The `META_PROMPT` is the intellectual core of the project. It was co-designed with AYPLHIV and health workers through modified Delphi consensus workshops. It encodes:

### 12-Dimension Voice Matrix
1. **Empathy & Understanding First** — acknowledge emotions before giving information
2. **Non-Judgmental Language** — no blame, no "why didn't you…"
3. **User Agency** — present options, not directives; user is the decision-maker
4. **Patience / No Time Pressure** — never rush; let the user lead the pace
5. **Concise by Default** — 2–4 sentences; no walls of text
6. **Warm but Not Frivolous** — peer-like language, match the user's energy
7. **Empowerment & Capacity Building** — build confidence and self-advocacy over time
8. **Comfort & Reassurance** — affirming, hopeful, counter internalized stigma
9. **Structured Guidance When Requested** — numbered steps for "how do I…" questions
10. **Evidence-Based with Conversational Delivery** — factual but accessible; Uganda-specific context
11. **Progressive / Realistic Goals** — graduated steps, not all-or-nothing advice
12. **Storytelling as Support Tool** — anonymised vignettes to illustrate how others cope

### Content Domains
- **Medication adherence** — barriers, practical strategies, non-shaming approach
- **Disclosure strategies** — multiple approaches, user-led, safety-first
- **Mental health & self-stigma** — normalisation, affirmations, self-acceptance
- **Sexual & reproductive health** — contraception, STIs, pregnancy, SRH rights
- **Relationships** — romantic partners, family, peer dynamics
- **GBV safety protocols** — crisis detection, escalation triggers, referral pathways

### Safety & Limits
- Hard boundary: **no medical prescriptions**
- Crisis triggers (suicidal ideation, active abuse, safety risk) → immediate escalation prompt
- Always refers complex/crisis cases to human counsellors and peer supporters
- "Referral is a feature, not a failure."

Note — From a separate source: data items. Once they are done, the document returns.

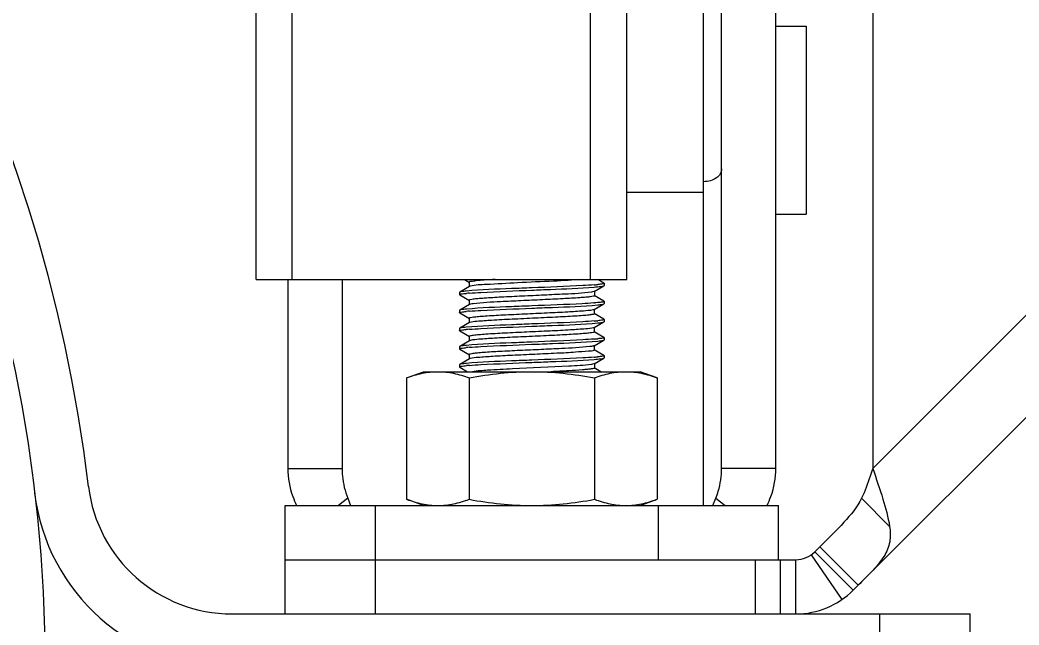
# Model space of a CAD drawing. Extents: x 27938 to 1042331, y -235042 to 1535213.
# Drawn here: x 704501 to 705484, y 752207 to 752803 of the extents above; entities that cross this region are included whole.
import ezdxf

# ---------------------------------------------------------------- set-up
doc = ezdxf.new("R2010")
doc.units = 0
doc.header["$LTSCALE"] = 1000
doc.header["$MEASUREMENT"] = 0

msp = doc.modelspace()

# ---------------------------------------------------------------- linework, layer by layer
at = {"linetype": 'Continuous'}
for p, q in [((704733.55, 752547.21), (704733.55, 755506.82)), ((704769.14, 752547.21), (704769.14, 755506.82)), ((705062.76, 752547.21), (705062.76, 755506.82)), ((705098.35, 752547.21), (705098.35, 755506.82)), ((705173.98, 752324.77), (705173.98, 753345.32)), ((705191.77, 752361.29), (705191.77, 752895.58)), ((705245.16, 752361.29), (705245.16, 752895.58)), ((705340.47, 752895.58), (705340.47, 752361.24)), ((705245.16, 752796.57), (705274.95, 752796.57)), ((705340.47, 752361.24), (705768.74, 752789.51)), ((705819.07, 752739.18), (705321.35, 752241.46)), ((705098.35, 752633.1), (705173.98, 752633.1)), ((705245.16, 752611.64), (705274.95, 752611.64)), ((704733.55, 752547.21), (705098.35, 752547.21)), ((704764.69, 752547.21), (704764.69, 752361.29)), ((704818.08, 752547.21), (704818.08, 752361.29)), ((704938.57, 752547.21), (704943.57, 752544.32)), ((704943.38, 752544.54), (704943.38, 752540.09)), ((705066.28, 752535.42), (705075.94, 752541.01)), ((705075.94, 752543.62), (705069.74, 752547.21)), ((705075.94, 752543.62), (705076.11, 752543.43)), ((705075.94, 752541.01), (705076.11, 752541.2)), ((705076.11, 752543.43), (705076.11, 752541.2)), ((704933.92, 752534.73), (704933.75, 752534.53)), ((704933.75, 752534.53), (704933.75, 752532.31)), ((704933.92, 752532.11), (704933.75, 752532.31)), ((704943.57, 752540.32), (704933.92, 752534.73)), ((704933.92, 752532.11), (704943.57, 752526.52)), ((705075.94, 752525.83), (705066.28, 752531.42)), ((705066.47, 752535.64), (705066.47, 752531.2)), ((704943.57, 752522.52), (704933.92, 752516.93)), ((704943.38, 752526.75), (704943.38, 752522.3)), ((705066.28, 752517.62), (705075.94, 752523.22)), ((705075.94, 752525.83), (705076.11, 752525.63)), ((705075.94, 752523.22), (705076.11, 752523.41)), ((705076.11, 752525.63), (705076.11, 752523.41)), ((704933.92, 752516.93), (704933.75, 752516.74)), ((704933.75, 752516.74), (704933.75, 752514.51)), ((704933.92, 752514.32), (704933.75, 752514.51)), ((704933.92, 752514.32), (704943.57, 752508.73)), ((705075.94, 752508.03), (705066.28, 752513.63)), ((705066.47, 752513.4), (705066.47, 752517.85)), ((704943.57, 752504.73), (704933.92, 752499.14)), ((704943.38, 752508.95), (704943.38, 752504.5)), ((704943.79, 752504.83), (704943.57, 752504.73)), ((705066.28, 752499.83), (705075.94, 752505.42)), ((705075.94, 752508.03), (705076.11, 752507.84)), ((705075.94, 752505.42), (705076.11, 752505.61)), ((705076.11, 752507.84), (705076.11, 752505.62)), ((704933.92, 752499.14), (704933.75, 752498.94)), ((704933.75, 752498.94), (704933.75, 752496.72)), ((704933.92, 752496.52), (704933.75, 752496.72)), ((704933.92, 752496.52), (704943.57, 752490.93)), ((705075.94, 752490.24), (705066.28, 752495.83)), ((705066.47, 752495.61), (705066.47, 752500.05)), ((704943.57, 752486.93), (704933.92, 752481.34)), ((704943.38, 752491.16), (704943.38, 752486.71)), ((705066.28, 752482.03), (705066.01, 752481.91)), ((705066.28, 752482.03), (705075.94, 752487.63)), ((705066.47, 752477.81), (705066.47, 752482.26)), ((705075.94, 752490.24), (705076.11, 752490.04)), ((705075.94, 752487.63), (705076.11, 752487.82)), ((705076.11, 752490.04), (705076.11, 752487.82)), ((704933.92, 752481.34), (704933.75, 752481.15)), ((704933.75, 752481.15), (704933.75, 752478.92)), ((704933.92, 752478.73), (704933.75, 752478.92)), ((704933.92, 752478.73), (704943.57, 752473.14)), ((704943.38, 752473.36), (704943.38, 752468.91)), ((705075.94, 752472.44), (705066.28, 752478.04)), ((705075.94, 752472.44), (705076.11, 752472.25)), ((705076.11, 752472.25), (705076.11, 752470.03)), ((704933.92, 752463.55), (704933.75, 752463.35)), ((704933.75, 752463.35), (704933.75, 752461.13)), ((704943.57, 752469.14), (704933.92, 752463.55)), ((705066.28, 752464.24), (705075.94, 752469.83)), ((705066.47, 752464.46), (705066.47, 752460.02)), ((705075.94, 752469.83), (705076.11, 752470.03)), ((704881.64, 752450.44), (704898.16, 752456.46)), ((704898.16, 752456.46), (705111.7, 752456.46)), ((704933.92, 752460.93), (704933.75, 752461.13)), ((704933.92, 752460.93), (704941.65, 752456.46)), ((705072.82, 752456.46), (705066.28, 752460.24)), ((705128.21, 752450.44), (705111.7, 752456.46)), ((704881.64, 752450.44), (704881.64, 752330.79)), ((704943.28, 752450.44), (704943.28, 752330.79)), ((705066.57, 752450.44), (705066.57, 752330.79)), ((705128.21, 752450.44), (705128.21, 752330.79)), ((704764.69, 752361.29), (704818.08, 752361.29)), ((705245.16, 752361.29), (705191.77, 752361.29)), ((704762.02, 752324.77), (705247.83, 752324.77)), ((704762.02, 752218), (704762.02, 752324.77)), ((704823.76, 752331.86), (704814.5, 752324.82)), ((704823.76, 752331.86), (704826.6, 752324.77)), ((704850.99, 752271.39), (704850.99, 752324.77)), ((704898.16, 752324.77), (704881.64, 752330.79)), ((705111.7, 752324.77), (705128.21, 752330.79)), ((705129.49, 752271.39), (705129.49, 752324.77)), ((705183.25, 752324.77), (705186.1, 752331.86)), ((705186.1, 752331.86), (705195.36, 752324.82)), ((705247.83, 752271.39), (705247.83, 752324.77)), ((705329.47, 752331.81), (705357.12, 752304.17)), ((705279.85, 752276.08), (705310.09, 752232.09)), ((705288.35, 752283.96), (705283.6, 752279.21)), ((705321.35, 752241.46), (705283.6, 752279.21)), ((705326.1, 752246.21), (705288.35, 752283.96)), ((704762.02, 752271.39), (705264.73, 752271.39)), ((704850.99, 752218), (704850.99, 752271.39)), ((705225.05, 752218), (705225.05, 752271.39)), ((705249.79, 752218), (705249.79, 752271.39)), ((705264.73, 752218), (705264.73, 752271.39)), ((704709.87, 752218), (705436.45, 752218)), ((705347.48, 752111.23), (705347.48, 752218)), ((705436.45, 752111.23), (705436.45, 752218))]:
    msp.add_line(p, q, dxfattribs=at)
msp.add_line((705274.95, 752796.57), (705274.95, 752611.64))
msp.add_circle((703074.17, 752164.62), 1451.62, dxfattribs=at)
for centre, radius, start, end in [((703074.17, 752164.62), 1505.01, 6.82415, 173.17585), ((705051.54, 752732.7), 191.34, 274.44401, 275.50896), ((704959.36, 752330.57), 203.86, 94.45812, 95.31469), ((704946.05, 752534.02), 6.79, 105.09314, 106.14114), ((705044.99, 752795.47), 272.18, 274.42341, 274.54966), ((704959.12, 752315.64), 200.98, 94.45697, 95.35574), ((705051.52, 752697.34), 191.58, 274.44141, 275.50783), ((704959.09, 752298.18), 200.64, 94.45612, 95.36224), ((705051.44, 752680.55), 192.58, 274.44667, 275.48819), ((704959.26, 752278.32), 202.71, 94.45704, 95.331), ((704959.36, 752259.39), 203.86, 94.45812, 95.31469), ((704946.05, 752462.84), 6.79, 105.09314, 106.14114), ((705051.54, 752661.52), 191.34, 274.44401, 275.50896), ((704709.87, 752360.36), 195.74, 186.82415, 270), ((704709.87, 752360.36), 142.36, 186.82415, 270), ((705264.73, 752298.08), 26.69, 270, 315), ((705264.73, 752298.08), 80.08, 270, 315)]:
    msp.add_arc(centre, radius, start, end, dxfattribs=at)
for points, knots in [([(705191.77, 752656.05), (705191.77, 752654.38), (705190.69, 752650.8), (705186.54, 752646.7), (705180.72, 752644.07), (705176.27, 752643.47), (705173.98, 752643.47)], [0, 0, 0, 0, 0.209483, 0.444656, 0.71201, 1, 1, 1, 1]), ([(704968.73, 752547.21), (704965.19, 752547.01), (704959.15, 752546.56), (704950.68, 752546.16), (704946.79, 752545.21), (704943.38, 752545.15), (704943.38, 752544.54)], [0, 0, 0, 0, 0.415981, 0.731164, 0.928613, 1, 1, 1, 1]), ([(705054.7, 752547.21), (705045.29, 752546.47), (705024.05, 752545.37), (704992.47, 752544.16), (704965.23, 752542.21), (704949.43, 752541.97), (704944.28, 752540.58)], [0, 0, 0, 0, 0.256105, 0.576785, 0.855532, 1, 1, 1, 1]), ([(705066.37, 752541.93), (705062.6, 752541.63), (705042.13, 752540.39), (705021.64, 752539.65), (705004.93, 752538.98)], [0, 0, 0, 0, 0.184436, 1, 1, 1, 1]), ([(705066.27, 752539.7), (705068.49, 752539.87), (705071.64, 752540.31), (705075.04, 752540.5), (705075.94, 752541.01)], [0, 0, 0, 0, 0.683734, 1, 1, 1, 1]), ([(705075.47, 752543.05), (705075.18, 752542.97), (705073.35, 752542.57), (705071.48, 752542.39), (705069.91, 752542.24)], [0, 0, 0, 0, 0.157623, 1, 1, 1, 1]), ([(705076.11, 752543.43), (705076.11, 752543.35), (705075.86, 752543.16), (705075.63, 752543.1), (705075.47, 752543.05)], [0, 0, 0, 0, 0.324871, 1, 1, 1, 1]), ([(704933.75, 752532.31), (704933.75, 752532.41), (704934.09, 752532.61), (704934.36, 752532.68), (704934.57, 752532.74)], [0, 0, 0, 0, 0.313847, 1, 1, 1, 1]), ([(704940.43, 752535.77), (704939.6, 752535.69), (704937.45, 752535.39), (704935.1, 752535.41), (704933.92, 752534.73)], [0, 0, 0, 0, 0.37952, 1, 1, 1, 1]), ([(704934.57, 752532.74), (704934.88, 752532.82), (704936.84, 752533.21), (704938.82, 752533.39), (704940.48, 752533.55)], [0, 0, 0, 0, 0.163234, 1, 1, 1, 1]), ([(705004.93, 752538.98), (704998.29, 752538.72), (704976.79, 752537.8), (704955.25, 752537.16), (704940.43, 752535.77)], [0, 0, 0, 0, 0.308576, 1, 1, 1, 1]), ([(705063.54, 752534.77), (705054.84, 752533.45), (705039.28, 752532.93), (705016.59, 752531.7), (704995.8, 752530.79), (704976.2, 752529.84), (704961.57, 752529.04), (704952.48, 752528.31), (704947.58, 752527.89), (704945.26, 752527.37), (704943.38, 752527.11), (704943.38, 752526.75)], [0, 0, 0, 0, 0.218787, 0.386207, 0.566108, 0.736243, 0.875583, 0.928118, 0.966979, 0.991, 1, 1, 1, 1]), ([(704943.51, 752533.81), (704947.28, 752534.11), (704967.74, 752535.34), (704988.23, 752536.09), (705004.93, 752536.76)], [0, 0, 0, 0, 0.184575, 1, 1, 1, 1]), ([(704944.16, 752540.54), (704944.05, 752540.51), (704943.85, 752540.45), (704943.65, 752540.36), (704943.57, 752540.32)], [0, 0, 0, 0, 0.572041, 1, 1, 1, 1]), ([(705066.47, 752531.2), (705066.47, 752530.84), (705064.65, 752530.58), (705062.38, 752530.07), (705057.61, 752529.66), (705048.75, 752528.93), (705034.43, 752528.15), (705015.2, 752527.2), (704994.66, 752526.3), (704971.83, 752525.1), (704956.05, 752524.49), (704947.09, 752523.29)], [0, 0, 0, 0, 0.00884, 0.032379, 0.070466, 0.122006, 0.258971, 0.426878, 0.605536, 0.773444, 1, 1, 1, 1]), ([(705004.93, 752536.76), (705011.02, 752537), (705031.47, 752537.84), (705051.94, 752538.57), (705066.27, 752539.7)], [0, 0, 0, 0, 0.297863, 1, 1, 1, 1]), ([(705066.28, 752535.42), (705066.16, 752535.35), (705065.27, 752535.02), (705064.33, 752534.89), (705063.54, 752534.77)], [0, 0, 0, 0, 0.147905, 1, 1, 1, 1]), ([(705004.93, 752521.19), (704998.3, 752520.92), (704976.81, 752520.01), (704955.29, 752519.37), (704940.48, 752517.98)], [0, 0, 0, 0, 0.308379, 1, 1, 1, 1]), ([(704947.09, 752523.29), (704946.66, 752523.23), (704945.49, 752523.03), (704944.24, 752522.91), (704943.57, 752522.52)], [0, 0, 0, 0, 0.360643, 1, 1, 1, 1]), ([(705065.98, 752524.11), (705062.2, 752523.81), (705041.86, 752522.59), (705021.5, 752521.85), (705004.93, 752521.19)], [0, 0, 0, 0, 0.18595, 1, 1, 1, 1]), ([(705004.93, 752518.96), (705011.66, 752519.23), (705033.32, 752520.16), (705055.03, 752520.77), (705069.91, 752522.22)], [0, 0, 0, 0, 0.310578, 1, 1, 1, 1]), ([(705073.69, 752524.89), (705073.24, 752524.82), (705070.88, 752524.51), (705068.5, 752524.31), (705066.58, 752524.15)], [0, 0, 0, 0, 0.190828, 1, 1, 1, 1]), ([(705069.91, 752522.22), (705070.68, 752522.29), (705072.67, 752522.58), (705074.84, 752522.58), (705075.94, 752523.22)], [0, 0, 0, 0, 0.377935, 1, 1, 1, 1]), ([(705076.11, 752525.63), (705076.11, 752525.55), (705075.29, 752524.96), (705074.46, 752525.01), (705073.69, 752524.89)], [0, 0, 0, 0, 0.093121, 1, 1, 1, 1]), ([(704933.75, 752514.51), (704933.75, 752514.6), (704934.04, 752514.8), (704934.28, 752514.86), (704934.47, 752514.92)], [0, 0, 0, 0, 0.318631, 1, 1, 1, 1]), ([(704940.48, 752517.98), (704939.64, 752517.9), (704937.47, 752517.6), (704935.11, 752517.62), (704933.92, 752516.93)], [0, 0, 0, 0, 0.379704, 1, 1, 1, 1]), ([(704934.47, 752514.92), (704934.77, 752515), (704936.72, 752515.4), (704938.7, 752515.59), (704940.36, 752515.74)], [0, 0, 0, 0, 0.159226, 1, 1, 1, 1]), ([(705064.82, 752517.19), (705061.87, 752516.6), (705053.63, 752515.99), (705038.7, 752514.98), (705019.34, 752514.06), (704998.08, 752513.09), (704977.78, 752512.12), (704962.5, 752511.31), (704952.97, 752510.55), (704947.81, 752510.13), (704945.37, 752509.58), (704943.38, 752509.33), (704943.38, 752508.95)], [0, 0, 0, 0, 0.074051, 0.202548, 0.368862, 0.551322, 0.726125, 0.870472, 0.925123, 0.96561, 0.990669, 1, 1, 1, 1]), ([(704943.5, 752516.01), (704947.27, 752516.31), (704967.74, 752517.55), (704988.22, 752518.3), (705004.93, 752518.96)], [0, 0, 0, 0, 0.184524, 1, 1, 1, 1]), ([(705066.47, 752513.4), (705066.47, 752512.99), (705064.32, 752512.76), (705061.69, 752512.16), (705056.12, 752511.74), (705045.92, 752510.95), (705029.68, 752510.11), (705008.34, 752509.11), (704986.49, 752508.06), (704967.17, 752507.25), (704953.38, 752505.95), (704945.98, 752505.7), (704943.79, 752504.83)], [0, 0, 0, 0, 0.009911, 0.036684, 0.079861, 0.138026, 0.290611, 0.473012, 0.659513, 0.823824, 0.942824, 1, 1, 1, 1]), ([(705066.28, 752517.62), (705066.11, 752517.52), (705065.62, 752517.36), (705065.12, 752517.25), (705064.82, 752517.19)], [0, 0, 0, 0, 0.388593, 1, 1, 1, 1]), ([(705004.93, 752503.39), (704998.28, 752503.13), (704976.75, 752502.21), (704955.19, 752501.57), (704940.36, 752500.17)], [0, 0, 0, 0, 0.308852, 1, 1, 1, 1]), ([(705066.36, 752506.34), (705062.59, 752506.04), (705042.12, 752504.8), (705021.63, 752504.06), (705004.93, 752503.39)], [0, 0, 0, 0, 0.184477, 1, 1, 1, 1]), ([(705004.93, 752501.17), (705011.65, 752501.43), (705033.29, 752502.36), (705054.98, 752502.97), (705069.86, 752504.42)], [0, 0, 0, 0, 0.310323, 1, 1, 1, 1]), ([(705069.86, 752504.42), (705070.63, 752504.49), (705072.64, 752504.78), (705074.83, 752504.78), (705075.94, 752505.42)], [0, 0, 0, 0, 0.378132, 1, 1, 1, 1]), ([(705075.44, 752507.45), (705075.15, 752507.37), (705073.33, 752506.98), (705071.47, 752506.8), (705069.91, 752506.65)], [0, 0, 0, 0, 0.159145, 1, 1, 1, 1]), ([(705076.11, 752507.84), (705076.11, 752507.75), (705075.84, 752507.56), (705075.61, 752507.5), (705075.44, 752507.45)], [0, 0, 0, 0, 0.322656, 1, 1, 1, 1]), ([(704933.75, 752496.72), (704933.75, 752496.82), (704934.08, 752497.02), (704934.35, 752497.09), (704934.55, 752497.14)], [0, 0, 0, 0, 0.315061, 1, 1, 1, 1]), ([(704940.36, 752500.17), (704939.54, 752500.09), (704937.41, 752499.8), (704935.08, 752499.82), (704933.92, 752499.14)], [0, 0, 0, 0, 0.37931, 1, 1, 1, 1]), ([(704934.55, 752497.14), (704934.86, 752497.23), (704936.77, 752497.61), (704938.72, 752497.79), (704940.34, 752497.95)], [0, 0, 0, 0, 0.163145, 1, 1, 1, 1]), ([(705065.74, 752499.61), (705063.27, 752498.88), (705055.61, 752498.43), (705041.38, 752497.29), (705022.04, 752496.41), (705000.37, 752495.4), (704979.37, 752494.41), (704963.45, 752493.58), (704953.48, 752492.8), (704948.04, 752492.37), (704945.48, 752491.79), (704943.38, 752491.55), (704943.38, 752491.16)], [0, 0, 0, 0, 0.062951, 0.18524, 0.350271, 0.535399, 0.715185, 0.864922, 0.92187, 0.964113, 0.990297, 1, 1, 1, 1]), ([(704943.5, 752498.22), (704947.27, 752498.51), (704967.74, 752499.75), (704988.22, 752500.5), (705004.93, 752501.17)], [0, 0, 0, 0, 0.18453, 1, 1, 1, 1]), ([(705066.47, 752495.61), (705066.47, 752495.22), (705064.43, 752494.97), (705061.93, 752494.41), (705056.63, 752493.99), (705046.88, 752493.21), (705031.28, 752492.39), (705010.63, 752491.41), (704989.16, 752490.42), (704969.8, 752489.52), (704955.19, 752488.46), (704947.25, 752487.91), (704944.53, 752487.26)], [0, 0, 0, 0, 0.00951, 0.035123, 0.076469, 0.132247, 0.279239, 0.456494, 0.640275, 0.805971, 0.931424, 1, 1, 1, 1]), ([(705066.28, 752499.83), (705066.21, 752499.79), (705066.03, 752499.71), (705065.84, 752499.65), (705065.74, 752499.61)], [0, 0, 0, 0, 0.430479, 1, 1, 1, 1]), ([(704940.34, 752482.38), (704939.52, 752482.3), (704937.4, 752482), (704935.08, 752482.02), (704933.92, 752481.34)], [0, 0, 0, 0, 0.379296, 1, 1, 1, 1]), ([(705004.93, 752485.6), (704998.27, 752485.33), (704976.74, 752484.41), (704955.17, 752483.78), (704940.34, 752482.38)], [0, 0, 0, 0, 0.308927, 1, 1, 1, 1]), ([(704943.51, 752480.42), (704947.28, 752480.72), (704967.74, 752481.96), (704988.23, 752482.71), (705004.93, 752483.37)], [0, 0, 0, 0, 0.184554, 1, 1, 1, 1]), ([(704944.53, 752487.26), (704944.34, 752487.21), (704944.01, 752487.12), (704943.69, 752487), (704943.57, 752486.93)], [0, 0, 0, 0, 0.59312, 1, 1, 1, 1]), ([(705066.37, 752488.55), (705062.6, 752488.25), (705042.13, 752487.01), (705021.64, 752486.26), (705004.93, 752485.6)], [0, 0, 0, 0, 0.184455, 1, 1, 1, 1]), ([(705004.93, 752483.37), (705011.66, 752483.64), (705033.32, 752484.57), (705055.03, 752485.18), (705069.91, 752486.63)], [0, 0, 0, 0, 0.310595, 1, 1, 1, 1]), ([(705066.01, 752481.91), (705065.8, 752481.83), (705064.45, 752481.47), (705063.07, 752481.3), (705061.9, 752481.16)], [0, 0, 0, 0, 0.158312, 1, 1, 1, 1]), ([(705075.42, 752489.65), (705075.14, 752489.57), (705073.3, 752489.18), (705071.43, 752489), (705069.86, 752488.85)], [0, 0, 0, 0, 0.159397, 1, 1, 1, 1]), ([(705069.91, 752486.63), (705070.68, 752486.7), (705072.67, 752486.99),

### Language & Accessibility
- Default: English; Luganda code-switching accepted
- Plain language targeting ~8 years of education
- Age-adapted: different tone/content for 14–17 vs 18–24 year olds
- Few-shot examples from real counselling dialogues embedded in the prompt

---

## Known Limitations

| Issue | Detail |
|---|---|
| No persistent memory | The prompt requires remembering users across sessions, but there is no database or session storage — memory only lasts within a single Gradio session |
| No streaming | `generate_content()` is synchronous — users see nothing until the full response is ready |
| No error handling | Unhandled exceptions if the Gemini API fails (rate limit, network error, etc.) |

---

## Setup

1. Add your `HF_TOKEN` as a Hugging Face Space secret (Settings -> Variables and secrets).
   - Generate a token at https://huggingface.co/settings/tokens (read access is sufficient)
   - This is required to use the HF Inference API without rate limits
2. Dependencies are in `requirements.txt`:
   ```
   gradio>=4.0.0
   huggingface_hub>=0.33.0
   sentence-transformers>=2.7.0
   faiss-cpu>=1.8.0
   pdfplumber>=0.11.0
   ```
3. The Space will auto-launch `app.py` on startup.

## LLM

The app uses **`meta-llama/Llama-3.2-3B-Instruct`** via the Hugging Face Inference API (serverless).
No GPU required — inference runs on HF hosted infrastructure.